- FatehabadPunjab, India Fatehabad Fatehabad (India)
- Coordinates: 31°22′48″N 75°05′51″E﻿ / ﻿31.38000°N 75.09750°E
- Country: India
- State: Punjab
- District: Tarn Taran
- • Rank: 0Hr

Population (2011)
- • Total: 8,860

Languages
- • Official: Punjabi
- Time zone: UTC+5:30 (IST)
- PIN: 143407

= Fatehabad, Punjab =

Town in Punjab State, India

Fatehabad is a small town in the Tarn Taran district of Punjab State. in India, located about 20 km from Tarn Taran Sahib

==Historical importance==

Fatehabad was once the capital of the Ahluwalia Misl prior to the shifting of the capital to Kapurthala. This town is older than Tarn Taran and Amritsar. It was originally a border fort that had a Ghaznavid garrison permanently stationed there, and is known to have existed from the time of Mahmud Ghaznavi, or even earlier. The name Fatehabad is believed to signify the victory of the Ahluwalia Misl against the Muslim governor of Fatehabad. It is believed Muhammad Ghori stationed his troops here and the town was turned into a kasbah which is a military encampment. Jassa Singh, born in 1718 to Bhadr Singh a great grandson of Sadhu Singh Ahluwalia, the founder of the Ahluwalia Misl, was the nephew of Bhag Singh. He was the founder of Kapurthala State in 1772. In the year 1755, he had defeated Adina Beg, the Mughal Governor of Jullundur, and taken possession of Fatehabad.

The older town, which was of strategic importance, was frequently visited by the Mughals and the later rulers, the Mughals had constructed an Imperial Serai for the benefit of armies and caravans, beside several other buildings, which are now in ruins following the destruction of the older town by the forces of the Mughal Ruler Jahangir.

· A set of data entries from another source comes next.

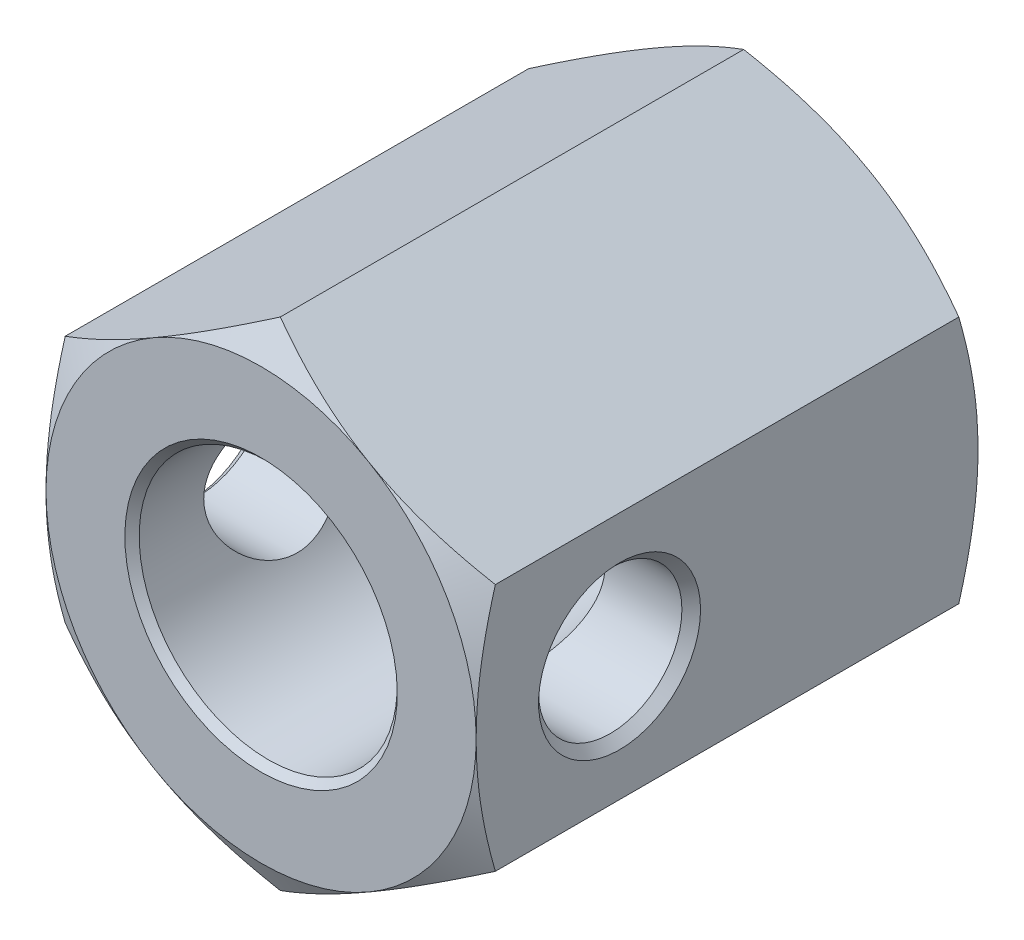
ISO-10303-21;
HEADER;
FILE_DESCRIPTION(('STEP AP214'),'2;1');
FILE_NAME('part.step','',(''),(''),'','','');
FILE_SCHEMA(('AUTOMOTIVE_DESIGN { 1 0 10303 214 1 1 1 1 }'));
ENDSEC;
DATA;
#1=APPLICATION_CONTEXT('core data for automotive mechanical design processes');
#2=APPLICATION_PROTOCOL_DEFINITION('international standard','automotive_design',2000,#1);
#3=PRODUCT_CONTEXT('',#1,'mechanical');
#4=PRODUCT('Part','Part','',(#3));
#5=PRODUCT_RELATED_PRODUCT_CATEGORY('part','',(#4));
#6=PRODUCT_DEFINITION_FORMATION('','',#4);
#7=PRODUCT_DEFINITION_CONTEXT('part definition',#1,'design');
#8=PRODUCT_DEFINITION('design','',#6,#7);
#9=PRODUCT_DEFINITION_SHAPE('','',#8);
#10=(LENGTH_UNIT() NAMED_UNIT(*) SI_UNIT(.MILLI.,.METRE.));
#11=(NAMED_UNIT(*) PLANE_ANGLE_UNIT() SI_UNIT($,.RADIAN.));
#12=(NAMED_UNIT(*) SI_UNIT($,.STERADIAN.) SOLID_ANGLE_UNIT());
#13=UNCERTAINTY_MEASURE_WITH_UNIT(LENGTH_MEASURE(1.E-05),#10,'distance_accuracy_value','');
#14=(GEOMETRIC_REPRESENTATION_CONTEXT(3) GLOBAL_UNCERTAINTY_ASSIGNED_CONTEXT((#13)) GLOBAL_UNIT_ASSIGNED_CONTEXT((#10,
#11,#12)) REPRESENTATION_CONTEXT('',''));
#15=CARTESIAN_POINT('',(0.,0.,0.));
#16=DIRECTION('',(0.,0.,1.));
#17=DIRECTION('',(1.,0.,0.));
#18=AXIS2_PLACEMENT_3D('',#15,#16,#17);
#19=CARTESIAN_POINT('',(-15.,8.66025403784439,35.));
#20=DIRECTION('',(1.,0.,0.));
#21=DIRECTION('',(0.,0.,1.));
#22=AXIS2_PLACEMENT_3D('',#19,#20,#21);
#23=PLANE('',#22);
#24=CARTESIAN_POINT('',(-15.,0.,25.));
#25=DIRECTION('',(1.,0.,0.));
#26=DIRECTION('',(0.,0.,1.));
#27=AXIS2_PLACEMENT_3D('',#24,#25,#26);
#28=CIRCLE('',#27,5.65);
#29=CARTESIAN_POINT('',(-15.,0.,30.65));
#30=VERTEX_POINT('',#29);
#31=EDGE_CURVE('E278',#30,#30,#28,.T.);
#32=ORIENTED_EDGE('',*,*,#31,.T.);
#33=EDGE_LOOP('',(#32));
#34=FACE_BOUND('',#33,.T.);
#35=CARTESIAN_POINT('',(-15.,23.2881768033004,7.33286092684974));
#36=CARTESIAN_POINT('',(-15.,22.9605133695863,7.17382305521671));
#37=CARTESIAN_POINT('',(-15.,22.6324661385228,7.01557629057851));
#38=CARTESIAN_POINT('',(-15.,21.975524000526,6.70084409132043));
#39=CARTESIAN_POINT('',(-15.,21.6466290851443,6.5443586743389));
#40=CARTESIAN_POINT('',(-15.,20.6584654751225,6.07777204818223));
#41=CARTESIAN_POINT('',(-15.,19.9978144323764,5.77058743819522));
#42=CARTESIAN_POINT('',(-15.,18.6685168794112,5.1641999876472));
#43=CARTESIAN_POINT('',(-15.,17.9998464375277,4.86504948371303));
#44=CARTESIAN_POINT('',(-15.,16.6571970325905,4.27895113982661));
#45=CARTESIAN_POINT('',(-15.,15.9832183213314,3.99200272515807));
#46=CARTESIAN_POINT('',(-15.,14.6069970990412,3.42451295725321));
#47=CARTESIAN_POINT('',(-15.,13.9045447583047,3.14447781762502));
#48=CARTESIAN_POINT('',(-15.,12.4914262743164,2.60553849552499));
#49=CARTESIAN_POINT('',(-15.,11.7807592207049,2.34663668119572));
#50=CARTESIAN_POINT('',(-15.,10.3514258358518,1.85674595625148));
#51=CARTESIAN_POINT('',(-15.,9.63277895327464,1.62570075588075));
#52=CARTESIAN_POINT('',(-15.,8.18510822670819,1.19890722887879));
#53=CARTESIAN_POINT('',(-15.,7.45608772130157,1.00314781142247));
#54=CARTESIAN_POINT('',(-15.,6.35667252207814,0.743581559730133));
#55=CARTESIAN_POINT('',(-15.,5.99023466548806,0.662913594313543));
#56=CARTESIAN_POINT('',(-15.,5.25485030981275,0.513892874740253));
#57=CARTESIAN_POINT('',(-15.,4.88590386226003,0.445539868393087));
#58=CARTESIAN_POINT('',(-15.,4.14575375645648,0.322353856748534));
#59=CARTESIAN_POINT('',(-15.,3.77455012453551,0.267520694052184));
#60=CARTESIAN_POINT('',(-15.,3.03027963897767,0.172467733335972));
#61=CARTESIAN_POINT('',(-15.,2.65721286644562,0.132247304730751));
#62=CARTESIAN_POINT('',(-15.,1.9146166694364,0.0677240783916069));
#63=CARTESIAN_POINT('',(-15.,1.54510485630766,0.0432198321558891));
#64=CARTESIAN_POINT('',(-15.,0.80537676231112,0.00986089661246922));
#65=CARTESIAN_POINT('',(-15.,0.435160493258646,0.00100594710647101));
#66=CARTESIAN_POINT('',(-15.,-0.305315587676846,-0.000843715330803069));
#67=CARTESIAN_POINT('',(-15.,-0.675575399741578,0.00616164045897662));
#68=CARTESIAN_POINT('',(-15.,-1.41546924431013,0.0358614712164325));
#69=CARTESIAN_POINT('',(-15.,-1.78510324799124,0.0585566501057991));
#70=CARTESIAN_POINT('',(-15.,-2.67268371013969,0.131409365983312));
#71=CARTESIAN_POINT('',(-15.,-3.19003336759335,0.188968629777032));
#72=CARTESIAN_POINT('',(-15.,-4.22091297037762,0.331694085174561));
#73=CARTESIAN_POINT('',(-15.,-4.7344423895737,0.416864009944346));
#74=CARTESIAN_POINT('',(-15.,-5.75718566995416,0.611781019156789));
#75=CARTESIAN_POINT('',(-15.,-6.26639585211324,0.721547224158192));
#76=CARTESIAN_POINT('',(-15.,-7.27971775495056,0.962305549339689));
#77=CARTESIAN_POINT('',(-15.,-7.78382955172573,1.09329735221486));
#78=CARTESIAN_POINT('',(-15.,-8.7980287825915,1.3764104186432));
#79=CARTESIAN_POINT('',(-15.,-9.30800325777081,1.52893354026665));
#80=CARTESIAN_POINT('',(-15.,-10.3229288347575,1.84978135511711));
#81=CARTESIAN_POINT('',(-15.,-10.82787990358,2.0181061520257));
#82=CARTESIAN_POINT('',(-15.,-11.8330072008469,2.36788099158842));
#83=CARTESIAN_POINT('',(-15.,-12.3331849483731,2.54932668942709));
#84=CARTESIAN_POINT('',(-15.,-13.3293932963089,2.923204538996));
#85=CARTESIAN_POINT('',(-15.,-13.825423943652,3.11563656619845));
#86=CARTESIAN_POINT('',(-15.,-14.9890450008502,3.57952655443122));
#87=CARTESIAN_POINT('',(-15.,-15.655106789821,3.85481295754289));
#88=CARTESIAN_POINT('',(-15.,-16.9816062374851,4.41865636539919));
#89=CARTESIAN_POINT('',(-15.,-17.6420435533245,4.70721417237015));
#90=CARTESIAN_POINT('',(-15.,-18.9583312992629,5.29496331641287));
#91=CARTESIAN_POINT('',(-15.,-19.6141806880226,5.5941569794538));
#92=CARTESIAN_POINT('',(-15.,-20.9219063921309,6.20104866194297));
#93=CARTESIAN_POINT('',(-15.,-21.5737827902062,6.50874650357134));
#94=CARTESIAN_POINT('',(-15.,-22.8749197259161,7.13140408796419));
#95=CARTESIAN_POINT('',(-15.,-23.5241766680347,7.44637133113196));
#96=CARTESIAN_POINT('',(-15.,-24.8198910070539,8.08201138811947));
#97=CARTESIAN_POINT('',(-15.,-25.4663483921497,8.40268422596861));
#98=CARTESIAN_POINT('',(-15.,-26.7568089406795,9.04872242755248));
#99=CARTESIAN_POINT('',(-15.,-27.4008124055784,9.37408718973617));
#100=CARTESIAN_POINT('',(-15.,-28.6867996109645,10.0287861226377));
#101=CARTESIAN_POINT('',(-15.,-29.3287833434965,10.3581203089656));
#102=CARTESIAN_POINT('',(-15.,-31.1455658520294,11.2961020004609));
#103=CARTESIAN_POINT('',(-15.,-32.3183287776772,11.9086927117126));
#104=CARTESIAN_POINT('',(-15.,-34.6594702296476,13.142273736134));
#105=CARTESIAN_POINT('',(-15.,-35.8278486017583,13.7632643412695));
#106=CARTESIAN_POINT('',(-15.,-38.1582765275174,15.0101415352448));
#107=CARTESIAN_POINT('',(-15.,-39.3203345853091,15.6360122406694));
#108=CARTESIAN_POINT('',(-15.,-41.0613498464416,16.5785652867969));
#109=CARTESIAN_POINT('',(-15.,-41.6413274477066,16.893365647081));
#110=CARTESIAN_POINT('',(-15.,-42.8006698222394,17.5240907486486));
#111=CARTESIAN_POINT('',(-15.,-43.3800345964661,17.8400154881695));
#112=CARTESIAN_POINT('',(-15.,-43.9591275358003,18.1564378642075));
#113=B_SPLINE_CURVE_WITH_KNOTS('',3,(#35,#36,#37,#38,#39,#40,#41,#42,#43,#44,#45,#46,#47,#48,
#49,#50,#51,#52,#53,#54,#55,#56,#57,#58,#59,#60,#61,#62,#63,#64,#65,#66,#67,#68,#69,#70,#71,#72,
#73,#74,#75,#76,#77,#78,#79,#80,#81,#82,#83,#84,#85,#86,#87,#88,#89,#90,#91,#92,#93,#94,#95,#96,
#97,#98,#99,#100,#101,#102,#103,#104,#105,#106,#107,#108,#109,#110,#111,#112),.UNSPECIFIED.,.F.,
.F.,(4,2,2,2,2,2,2,2,2,2,2,2,2,2,2,2,2,2,2,2,2,2,2,2,2,2,2,2,2,2,2,2,2,2,2,2,2,2,4),(0.,
1.09265869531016,2.18532832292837,4.37098958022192,6.56850706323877,8.76592092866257,
11.0343020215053,13.3029369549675,15.5669079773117,17.8301661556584,18.9556286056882,
20.0810680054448,21.2064943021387,22.3318720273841,23.4425201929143,24.5531498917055,
25.663784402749,26.7744687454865,28.3352309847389,29.8962043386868,31.4583953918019,
33.0205630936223,34.6171401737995,36.2137277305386,37.8097889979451,39.4058321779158,
41.5677635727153,43.729825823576,45.8923638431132,48.0548566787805,50.2196903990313,
52.3845332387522,54.5491009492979,56.7136771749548,60.682978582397,64.6524183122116,
68.6120526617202,70.5917637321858,72.5714717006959),.UNSPECIFIED.);
#114=CARTESIAN_POINT('',(-15.,-8.66025403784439,1.33974596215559));
#115=VERTEX_POINT('',#114);
#116=CARTESIAN_POINT('',(-15.,0.,0.));
#117=VERTEX_POINT('',#116);
#118=EDGE_CURVE('E404',#115,#117,#113,.F.);
#119=ORIENTED_EDGE('',*,*,#118,.F.);
#120=DIRECTION('',(0.,0.,-1.));
#121=VECTOR('',#120,1.);
#122=CARTESIAN_POINT('',(-15.,-8.66025403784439,35.));
#123=LINE('',#122,#121);
#124=CARTESIAN_POINT('',(-15.,-8.66025403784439,33.6602540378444));
#125=VERTEX_POINT('',#124);
#126=EDGE_CURVE('E338',#125,#115,#123,.T.);
#127=ORIENTED_EDGE('',*,*,#126,.F.);
#128=CARTESIAN_POINT('',(-15.,23.2881768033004,27.6671390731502));
#129=CARTESIAN_POINT('',(-15.,22.9605133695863,27.8261769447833));
#130=CARTESIAN_POINT('',(-15.,22.6324661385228,27.9844237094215));
#131=CARTESIAN_POINT('',(-15.,21.975524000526,28.2991559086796));
#132=CARTESIAN_POINT('',(-15.,21.6466290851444,28.4556413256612));
#133=CARTESIAN_POINT('',(-15.,20.6584654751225,28.9222279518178));
#134=CARTESIAN_POINT('',(-15.,19.9978144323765,29.2294125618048));
#135=CARTESIAN_POINT('',(-15.,18.6685168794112,29.8358000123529));
#136=CARTESIAN_POINT('',(-15.,17.9998464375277,30.134950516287));
#137=CARTESIAN_POINT('',(-15.,16.6571970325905,30.7210488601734));
#138=CARTESIAN_POINT('',(-15.,15.9832183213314,31.007997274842));
#139=CARTESIAN_POINT('',(-15.,14.6069970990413,31.5754870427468));
#140=CARTESIAN_POINT('',(-15.,13.9045447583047,31.855522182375));
#141=CARTESIAN_POINT('',(-15.,12.4914262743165,32.3944615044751));
#142=CARTESIAN_POINT('',(-15.,11.7807592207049,32.6533633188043));
#143=CARTESIAN_POINT('',(-15.,10.3514258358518,33.1432540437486));
#144=CARTESIAN_POINT('',(-15.,9.63277895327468,33.3742992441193));
#145=CARTESIAN_POINT('',(-15.,8.18510822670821,33.8010927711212));
#146=CARTESIAN_POINT('',(-15.,7.45608772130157,33.9968521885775));
#147=CARTESIAN_POINT('',(-15.,6.35667252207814,34.2564184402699));
#148=CARTESIAN_POINT('',(-15.,5.99023466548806,34.3370864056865));
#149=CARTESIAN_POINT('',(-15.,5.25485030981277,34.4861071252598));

Fatehabad is also known as the place where the First Sikh Guru, Guru Nanak had penned the Gurbani in praise of Nature

Fatehabad is the place to which the family of the renowned Urdu poet, Mehr Lal Soni Zia Fatehabadi belonged. This town is situated near Goindwal Sahib and Khadur Sahib, places connected with Guru Angad Dev and Guru Amar Das.

== Geography ==
Fatehabad is situated at a distance of 4 km from Khadur Sahib, tehsil headquarter of same name. Nearby villages are Hothian, Khwaspur, Khan Chhapri and Bharowal.

== Demographics ==
As per 2011 Census of India, Fatehabad had 1649 households with a total population of 8,860 of which 4,674 (53%) were males and 4186 (47%) were females. Population below 6 years was 1,084. The literacy rate of Fatehabad was 71.04% compared to 75.84% of Punjab. In Fatehabad male literacy was 74.37% while female literacy rate was 67.31%. The sex ratio was 896 females per thousand males.

== Transportation ==
The nearest railway stations to Fatehabad are Goindwal Sahib Railway station at a distance of 1.5 km.